◆ Saved data entries ◆
=====

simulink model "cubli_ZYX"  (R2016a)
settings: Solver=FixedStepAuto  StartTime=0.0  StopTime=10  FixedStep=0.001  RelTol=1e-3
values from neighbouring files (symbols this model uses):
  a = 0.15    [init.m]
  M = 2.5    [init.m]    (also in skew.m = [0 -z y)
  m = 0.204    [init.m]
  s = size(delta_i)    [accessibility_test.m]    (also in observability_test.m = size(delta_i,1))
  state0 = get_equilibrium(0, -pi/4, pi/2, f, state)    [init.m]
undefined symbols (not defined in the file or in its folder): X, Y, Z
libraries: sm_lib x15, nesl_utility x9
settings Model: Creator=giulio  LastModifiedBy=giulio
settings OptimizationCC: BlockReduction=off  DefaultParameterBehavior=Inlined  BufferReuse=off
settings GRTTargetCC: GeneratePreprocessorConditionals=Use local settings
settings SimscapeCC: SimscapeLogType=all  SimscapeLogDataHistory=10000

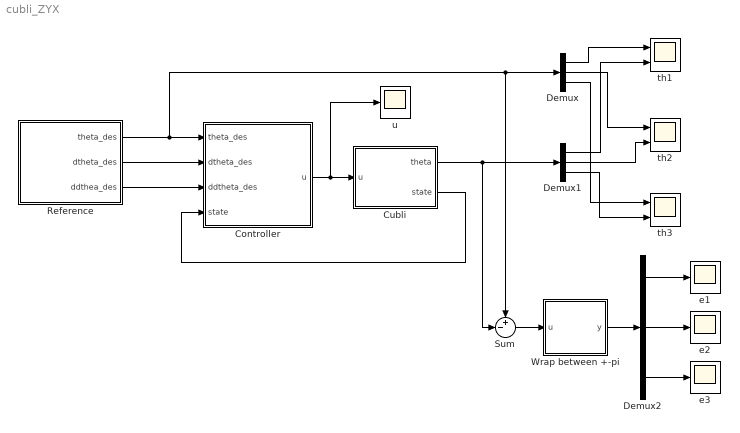
== system cubli_ZYX ==
  Controller : Subsystem
  Cubli : Subsystem
  Demux : Demux  Outputs=3
  Demux1 : Demux  Outputs=3
  Demux2 : Demux  Outputs=3
  Reference : Subsystem  mask{theta=170.0, final_time=5}
      mask prompts: final_time "Final time"
  Sum : Sum  Inputs=+-|
  Wrap between +-pi : MATLAB Function  TreatAsAtomicUnit=on
  e1 : Scope
  e2 : Scope
  e3 : Scope
  th1 : Scope  NumInputPorts=2
  th2 : Scope  NumInputPorts=2
  th3 : Scope  NumInputPorts=2
  u : Scope
  wires:
  Cubli/1(theta) -> Demux1/1, Sum/2
  Cubli/2(state) -> Controller/4(state)
  Demux/1 -> th1/1
  Demux1/1 -> th1/2
  Demux/2 -> th2/1
  Demux1/2 -> th2/2
  Demux/3 -> th3/1
  Demux1/3 -> th3/2
  Wrap between +-pi/1(y) -> Demux2/1
  Sum/1 -> Wrap between +-pi/1(u)
  Demux2/3 -> e3/1
  Demux2/1 -> e1/1
  Demux2/2 -> e2/1
  Controller/1(u) -> u/1, Cubli/1(u)
  Reference/1(theta_des) -> Controller/1(theta_des), Demux/1, Sum/1
  Reference/2(dtheta_des) -> Controller/2(dtheta_des)
  Reference/3("ddthea_des ") -> Controller/3(ddtheta_des)

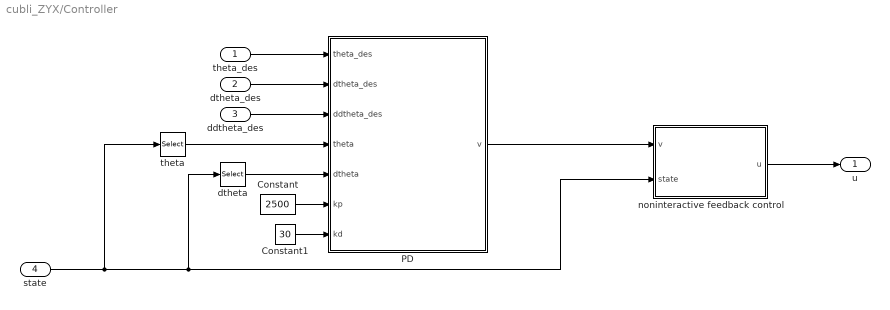
== system cubli_ZYX/Controller ==
  theta_des : Inport
  dtheta_des : Inport  Port=2
  ddtheta_des : Inport  Port=3
  state : Inport  Port=4
  Constant : Constant  Value=2500
  Constant1 : Constant  Value=30
  PD : MATLAB Function  TreatAsAtomicUnit=on
  dtheta : Selector  InputPortWidth=9  IndexOptions=Index vector (dialog)  Indices=[4 5 6]  OutputSizes=1
  noninteractive feedback control : MATLAB Function  TreatAsAtomicUnit=on
  theta : Selector  InputPortWidth=9  IndexOptions=Index vector (dialog)  Indices=[1 2 3]  OutputSizes=1
  u : Outport
  wires:
  theta_des/1 -> PD/1(theta_des)
  state/1 -> theta/1, noninteractive feedback control/2(state), dtheta/1
  PD/1(v) -> noninteractive feedback control/1(v)
  dtheta/1 -> PD/5(dtheta)
  dtheta_des/1 -> PD/2(dtheta_des)
  ddtheta_des/1 -> PD/3(ddtheta_des)
  theta/1 -> PD/4(theta)
  Constant/1 -> PD/6(kp)
  Constant1/1 -> PD/7(kd)
  noninteractive feedback control/1(u) -> u/1

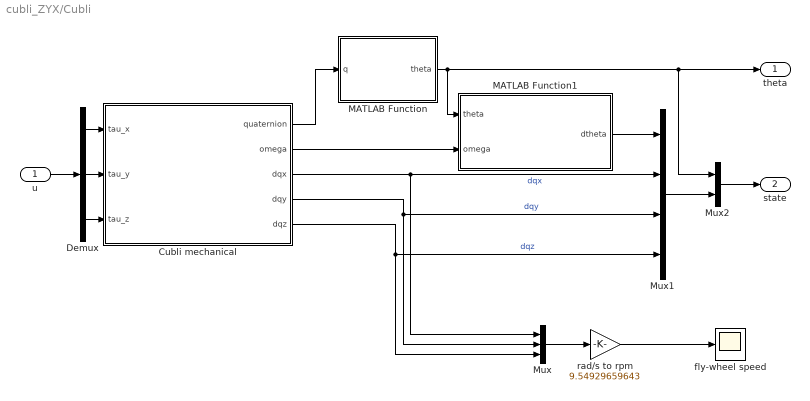
== system cubli_ZYX/Cubli ==
  u : Inport
  "Cubli mechanical " : Subsystem
  Demux : Demux  Outputs=3
  MATLAB Function : MATLAB Function  TreatAsAtomicUnit=on
  MATLAB Function1 : MATLAB Function  TreatAsAtomicUnit=on
  Mux : Mux  Inputs=3
  Mux1 : Mux
  Mux2 : Mux  Inputs=2
  fly-wheel speed : Scope
  rad/s to rpm : Gain  Gain=9.54929659643
  theta : Outport
  state : Outport  Port=2
  wires:
  Mux1/1 -> Mux2/2
  Demux/3 -> "Cubli mechanical "/3(tau_z)
  Demux/2 -> "Cubli mechanical "/2(tau_y)
  Demux/1 -> "Cubli mechanical "/1(tau_x)
  u/1 -> Demux/1
  Mux2/1 -> state/1
  "Cubli mechanical "/4(dqy) -> Mux/2, Mux1/3  "dqy"
  "Cubli mechanical "/5(dqz) -> Mux/3, Mux1/4  "dqz"
  "Cubli mechanical "/3(dqx) -> Mux/1, Mux1/2  "dqx"
  Mux/1 -> rad/s to rpm/1
  rad/s to rpm/1 -> fly-wheel speed/1
  "Cubli mechanical "/1(quaternion) -> MATLAB Function/1(q)
  MATLAB Function/1(theta) -> MATLAB Function1/1(theta), theta/1, Mux2/1
  MATLAB Function1/1(dtheta) -> Mux1/1
  "Cubli mechanical "/2(omega) -> MATLAB Function1/2(omega)

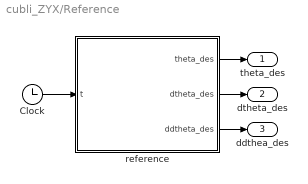
== system cubli_ZYX/Reference ==
  Clock : Clock
  reference : MATLAB Function  TreatAsAtomicUnit=on
  theta_des : Outport
  dtheta_des : Outport  Port=2
  "ddthea_des " : Outport  Port=3
  wires:
  reference/1(theta_des) -> theta_des/1
  reference/2(dtheta_des) -> dtheta_des/1
  reference/3(ddtheta_des) -> "ddthea_des "/1
  Clock/1 -> reference/1(t)

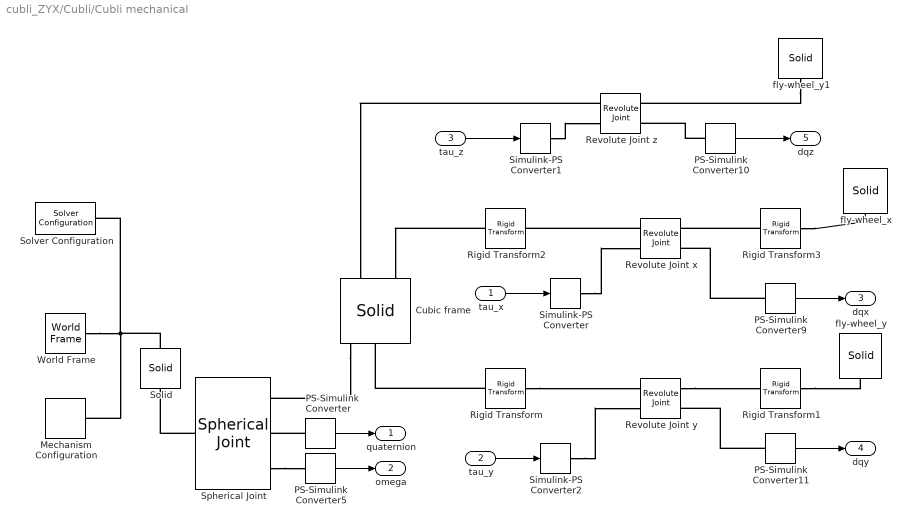
== system cubli_ZYX/Cubli/Cubli mechanical  ==
  tau_x : Inport
  tau_y : Inport  Port=2
  tau_z : Inport  Port=3
  Cubic frame : sm_lib/Body Elements/Solid  InertiaType=CalculateFromGeometry  Mass=M  MassUnits=kg  CenterOfMass=[0 0 0]  CenterOfMassUnits=m  MomentsOfInertia=[1 1 1]  MomentsOfInertiaUnits=kg*m^2  ProductsOfInertia=[0 0 0]  ProductsOfInertiaUnits=kg*m^2  DensityBased=off  Density=1000  DensityUnits=kg/(m^3)  DoExposeReferenceFrame=off  SerializedFrames=<Frames><Frame><Id>Frame1</Id><Value><Name>Oc</Name><Origin><Source>GeometricFeature</Source><FeatureName>-x -y -z point</FeatureName></Origin><PrimaryAxis><DefinedDirection>+Z</DefinedDirection><Source>ReferenceFrame</Source><SourceDirection>+Z</SourceDirection><FeatureName></FeatureName></PrimaryAxis><SecondaryAxis><DefinedDirection>+X</DefinedDirection><Source>ReferenceFrame</Source><SourceDirection>+X</SourceDirection><FeatureName></FeatureName></SecondaryAxis></Value></Frame><Frame><Id>Frame2</Id><Value><Name>Oz</Name><Origin><Source>GeometricFeature</Source><FeatureName>-z surface</FeatureName></Origin><PrimaryAxis><DefinedDirection>+Z</DefinedDirection><Source>ReferenceFrame</Source><SourceDirection>+Z</SourceDirection><FeatureName></FeatureName></PrimaryAxis><SecondaryAxis><DefinedDirection>+X</DefinedDirection><Source>ReferenceFrame</Source><SourceDirection>+X</SourceDirection><FeatureName></FeatureName></SecondaryAxis></Value></Frame><Frame><Id>Frame3</Id><Value><Name>Oy</Name><Origin><Source>GeometricFeature</Source><FeatureName>-y surface</FeatureName></Origin><PrimaryAxis><DefinedDirection>+Z</DefinedDirection><Source>ReferenceFrame</Source><SourceDirection>+Z</SourceDirection><FeatureName></FeatureName></PrimaryAxis><SecondaryAxis><DefinedDirection>+X</DefinedDirection><Source>ReferenceFrame</Source><SourceDirection>+X</SourceDirection><FeatureName></FeatureName></SecondaryAxis></Value></Frame><Frame><Id>Frame4</Id><Value><Name>Ox</Name><Origin><Source>GeometricFeature</Source><FeatureName>-x surface</FeatureName></Origin><PrimaryAxis><DefinedDirection>+Z</DefinedDirection><Source>ReferenceFrame</Source><SourceDirection>+Z</SourceDirection><FeatureName></FeatureName></PrimaryAxis><SecondaryAxis><DefinedDirection>+X</DefinedDirection><Source>ReferenceFrame</Source><SourceDirection>+X</SourceDirection><FeatureName></FeatureName></SecondaryAxis></Value></Frame><Frame><Id>Frame5</Id><Value><Name>Op</Name><Origin><Source>GeometricFeature</Source><FeatureName>+x +y +z point</FeatureName></Origin><PrimaryAxis><DefinedDirection>+Z</DefinedDirection><Source>ReferenceFrame</Source><SourceDirection>+Z</SourceDirection><FeatureName></FeatureName></PrimaryAxis><SecondaryAxis><DefinedDirection>+X</DefinedDirection><Source>ReferenceFrame</Source><SourceDirection>+X</SourceDirection><FeatureName></FeatureName></SecondaryAxis></Value></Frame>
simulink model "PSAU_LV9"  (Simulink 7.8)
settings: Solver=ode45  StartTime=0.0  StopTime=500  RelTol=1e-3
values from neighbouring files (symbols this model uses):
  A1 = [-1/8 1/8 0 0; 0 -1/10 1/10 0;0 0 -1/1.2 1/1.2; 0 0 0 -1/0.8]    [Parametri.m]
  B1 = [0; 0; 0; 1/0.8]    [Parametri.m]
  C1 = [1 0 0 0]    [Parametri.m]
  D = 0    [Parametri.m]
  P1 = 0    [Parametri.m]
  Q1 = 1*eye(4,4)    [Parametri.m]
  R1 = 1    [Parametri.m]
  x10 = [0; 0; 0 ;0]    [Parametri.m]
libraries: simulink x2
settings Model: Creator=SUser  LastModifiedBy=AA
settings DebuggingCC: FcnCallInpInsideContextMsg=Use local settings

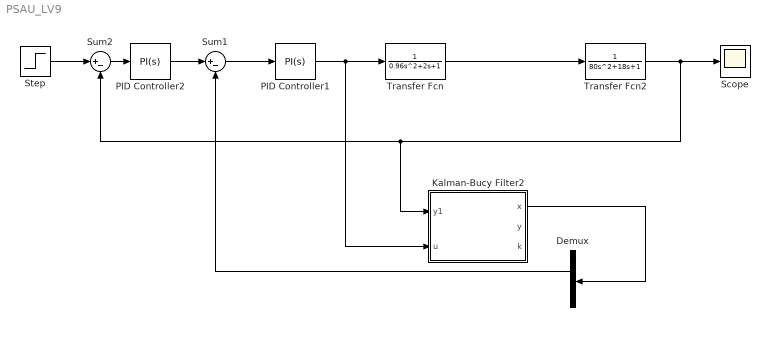
== system PSAU_LV9 ==
  Demux : Demux
  Kalman-Bucy Filter2 : Subsystem  mask{x0=x10, P0=P1, A=A1, B=B1, C=C1, D=D, Q=Q1, R=R1}
      mask Display:
      | port_label('input',1,'y')
      | port_label('input',2,'u')
      | port_label('output',1,'x')
      | port_label('output',2,'y')
      | disp(sprintf('Kalman-Bucy\n Filter'))
  PID Controller1 : simulink/Continuous/PID Controller  Controller=PI  TimeDomain=Continuous-time  SampleTime=1  IntegratorMethod=Forward Euler  FilterMethod=Forward Euler  Form=Parallel  P=1.76776695296637  I=1.04166666666667  D=-1612.79031123879  N=0.000390790797399611  InitialConditionSource=internal  InitialConditionForIntegrator=0  InitialConditionForFilter=0  ExternalReset=none  LimitOutput=off  UpperSaturationLimit=inf  LowerSaturationLimit=-inf  LinearizeAsGain=off  AntiWindupMode=none  Kb=1  TrackingMode=off  Kt=1  PParamMin=[]  PParamMax=[]  IParamMin=[]  IParamMax=[]  DParamMin=[]  DParamMax=[]  NParamMin=[]  NParamMax=[]  KbParamMin=[]  KbParamMax=[]  KtParamMin=[]  KtParamMax=[]  POutMin=[]  POutMax=[]  IOutMin=[]  IOutMax=[]  DOutMin=[]  DOutMax=[]  NOutMin=[]  NOutMax=[]  KbOutMin=[]  KbOutMax=[]  KtOutMin=[]  KtOutMax=[]  IntegratorOutMin=[]  IntegratorOutMax=[]  FilterOutMin=[]  FilterOutMax=[]  SumOutMin=[]  SumOutMax=[]  SumI1OutMin=[]  SumI1OutMax=[]  SumI2OutMin=[]  SumI2OutMax=[]  SumI3OutMin=[]  SumI3OutMax=[]  SumDOutMin=[]  SumDOutMax=[]  SaturationOutMin=[]  SaturationOutMax=[]  IntegratorContinuousStateAttributes=''  IntegratorStateMustResolveToSignalObject=off  IntegratorRTWStateStorageClass=Auto  FilterContinuousStateAttributes=''  FilterStateMustResolveToSignalObject=off  FilterRTWStateStorageClass=Auto
  PID Controller2 : simulink/Continuous/PID Controller  Controller=PI  TimeDomain=Continuous-time  SampleTime=1  IntegratorMethod=Forward Euler  FilterMethod=Forward Euler  Form=Parallel  P=0  I=0.0358919524069667  D=0  N=100  InitialConditionSource=internal  InitialConditionForIntegrator=0  InitialConditionForFilter=0  ExternalReset=none  LimitOutput=off  UpperSaturationLimit=inf  LowerSaturationLimit=-inf  LinearizeAsGain=off  AntiWindupMode=none  Kb=1  TrackingMode=off  Kt=1  PParamMin=[]  PParamMax=[]  IParamMin=[]  IParamMax=[]  DParamMin=[]  DParamMax=[]  NParamMin=[]  NParamMax=[]  KbParamMin=[]  KbParamMax=[]  KtParamMin=[]  KtParamMax=[]  POutMin=[]  POutMax=[]  IOutMin=[]  IOutMax=[]  DOutMin=[]  DOutMax=[]  NOutMin=[]  NOutMax=[]  KbOutMin=[]  KbOutMax=[]  KtOutMin=[]  KtOutMax=[]  IntegratorOutMin=[]  IntegratorOutMax=[]  FilterOutMin=[]  FilterOutMax=[]  SumOutMin=[]  SumOutMax=[]  SumI1OutMin=[]  SumI1OutMax=[]  SumI2OutMin=[]  SumI2OutMax=[]  SumI3OutMin=[]  SumI3OutMax=[]  SumDOutMin=[]  SumDOutMax=[]  SaturationOutMin=[]  SaturationOutMax=[]  IntegratorContinuousStateAttributes=''  IntegratorStateMustResolveToSignalObject=off  IntegratorRTWStateStorageClass=Auto  FilterContinuousStateAttributes=''  FilterStateMustResolveToSignalObject=off  FilterRTWStateStorageClass=Auto
  Scope : Scope
  Step : Step  Time=0  SampleTime=0
  Sum1 : Sum  Inputs=|+-
  Sum2 : Sum  Inputs=|+-
  Transfer Fcn : TransferFcn  Denominator=[0.96 2 1]
  Transfer Fcn2 : TransferFcn  Denominator=[80 18 1]
  wires:
  PID Controller1/1 -> Transfer Fcn/1, Kalman-Bucy Filter2/2(u)
  Transfer Fcn/1 -> Transfer Fcn2/1
  Sum1/1 -> PID Controller1/1
  Transfer Fcn2/1 -> Scope/1, Sum2/2, Kalman-Bucy Filter2/1(y1)
  PID Controller2/1 -> Sum1/1
  Step/1 -> Sum2/1
  Sum2/1 -> PID Controller2/1
  Demux/2 -> Sum1/2
  Kalman-Bucy Filter2/1(x) -> Demux/1

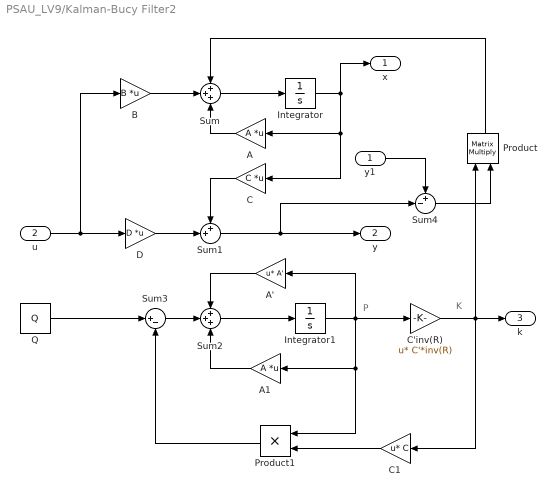
== system PSAU_LV9/Kalman-Bucy Filter2 ==
  note: K
  note: P
  y1 : Inport
  u : Inport  Port=2  PortDimensions=size(B,2)
  A : Gain  Gain=A  Multiplication=Matrix(K*u)
  A' : Gain  Gain=A'  Multiplication=Matrix(u*K)
  A1 : Gain  Gain=A  Multiplication=Matrix(K*u)
  B : Gain  Gain=B  Multiplication=Matrix(K*u)
  C : Gain  Gain=C  Multiplication=Matrix(K*u)
  C'inv(R) : Gain  Gain=C'*inv(R)  Multiplication=Matrix(u*K)
  C1 : Gain  Gain=C  Multiplication=Matrix(u*K)
  D : Gain  Gain=D  Multiplication=Matrix(K*u)
  Integrator : Integrator  InitialCondition=x0
  Integrator1 : Integrator  InitialCondition=P0
  Product : Product  Multiplication=Matrix(*)  RndMeth=Zero
  Product1 : Product  RndMeth=Zero
  Q : Constant  Value=Q
  Sum : Sum  Inputs=+++
  Sum1 : Sum  Inputs=++|
  Sum2 : Sum  Inputs=+++
  Sum3 : Sum  Inputs=|+-
  Sum4 : Sum  Inputs=+-|
  x : Outport
  y : Outport  Port=2
  k : Outport  Port=3
  wires:
  Sum1/1 -> y/1, Sum4/2
  D/1 -> Sum1/2
  C/1 -> Sum1/1
  B/1 -> Sum/2
  A/1 -> Sum/3
  Integrator/1 -> x/1, C/1, A/1
  Sum/1 -> Integrator/1
  u/1 -> D/1, B/1
  Sum2/1 -> Integrator1/1
  Integrator1/1 -> A'/1, C'inv(R)/1, A1/1, Product1/1
  A1/1 -> Sum2/3
  A'/1 -> Sum2/1
  Q/1 -> Sum3/1
  Sum3/1 -> Sum2/2
  y1/1 -> Sum4/1
  Product/1 -> Sum/1
  C'inv(R)/1 -> C1/1, Product/1, k/1
  Product1/1 -> Sum3/2
  C1/1 -> Product1/2
  Sum4/1 -> Product/2

=====

◆ Work request ◆
Give an exact copy of the lines above, from the top of the records to the line that contains "settings GRTTargetCC: GeneratePreprocessorConditionals=Use", taking in both ends.

◆ Result below ◆
simulink model "cubli_ZYX"  (R2016a)
settings: Solver=FixedStepAuto  StartTime=0.0  StopTime=10  FixedStep=0.001  RelTol=1e-3
values from neighbouring files (symbols this model uses):
  a = 0.15    [init.m]
  M = 2.5    [init.m]    (also in skew.m = [0 -z y)
  m = 0.204    [init.m]
  s = size(delta_i)    [accessibility_test.m]    (also in observability_test.m = size(delta_i,1))
  state0 = get_equilibrium(0, -pi/4, pi/2, f, state)    [init.m]
undefined symbols (not defined in the file or in its folder): X, Y, Z
libraries: sm_lib x15, nesl_utility x9
settings Model: Creator=giulio  LastModifiedBy=giulio
settings OptimizationCC: BlockReduction=off  DefaultParameterBehavior=Inlined  BufferReuse=off
settings GRTTargetCC: GeneratePreprocessorConditionals=Use local settings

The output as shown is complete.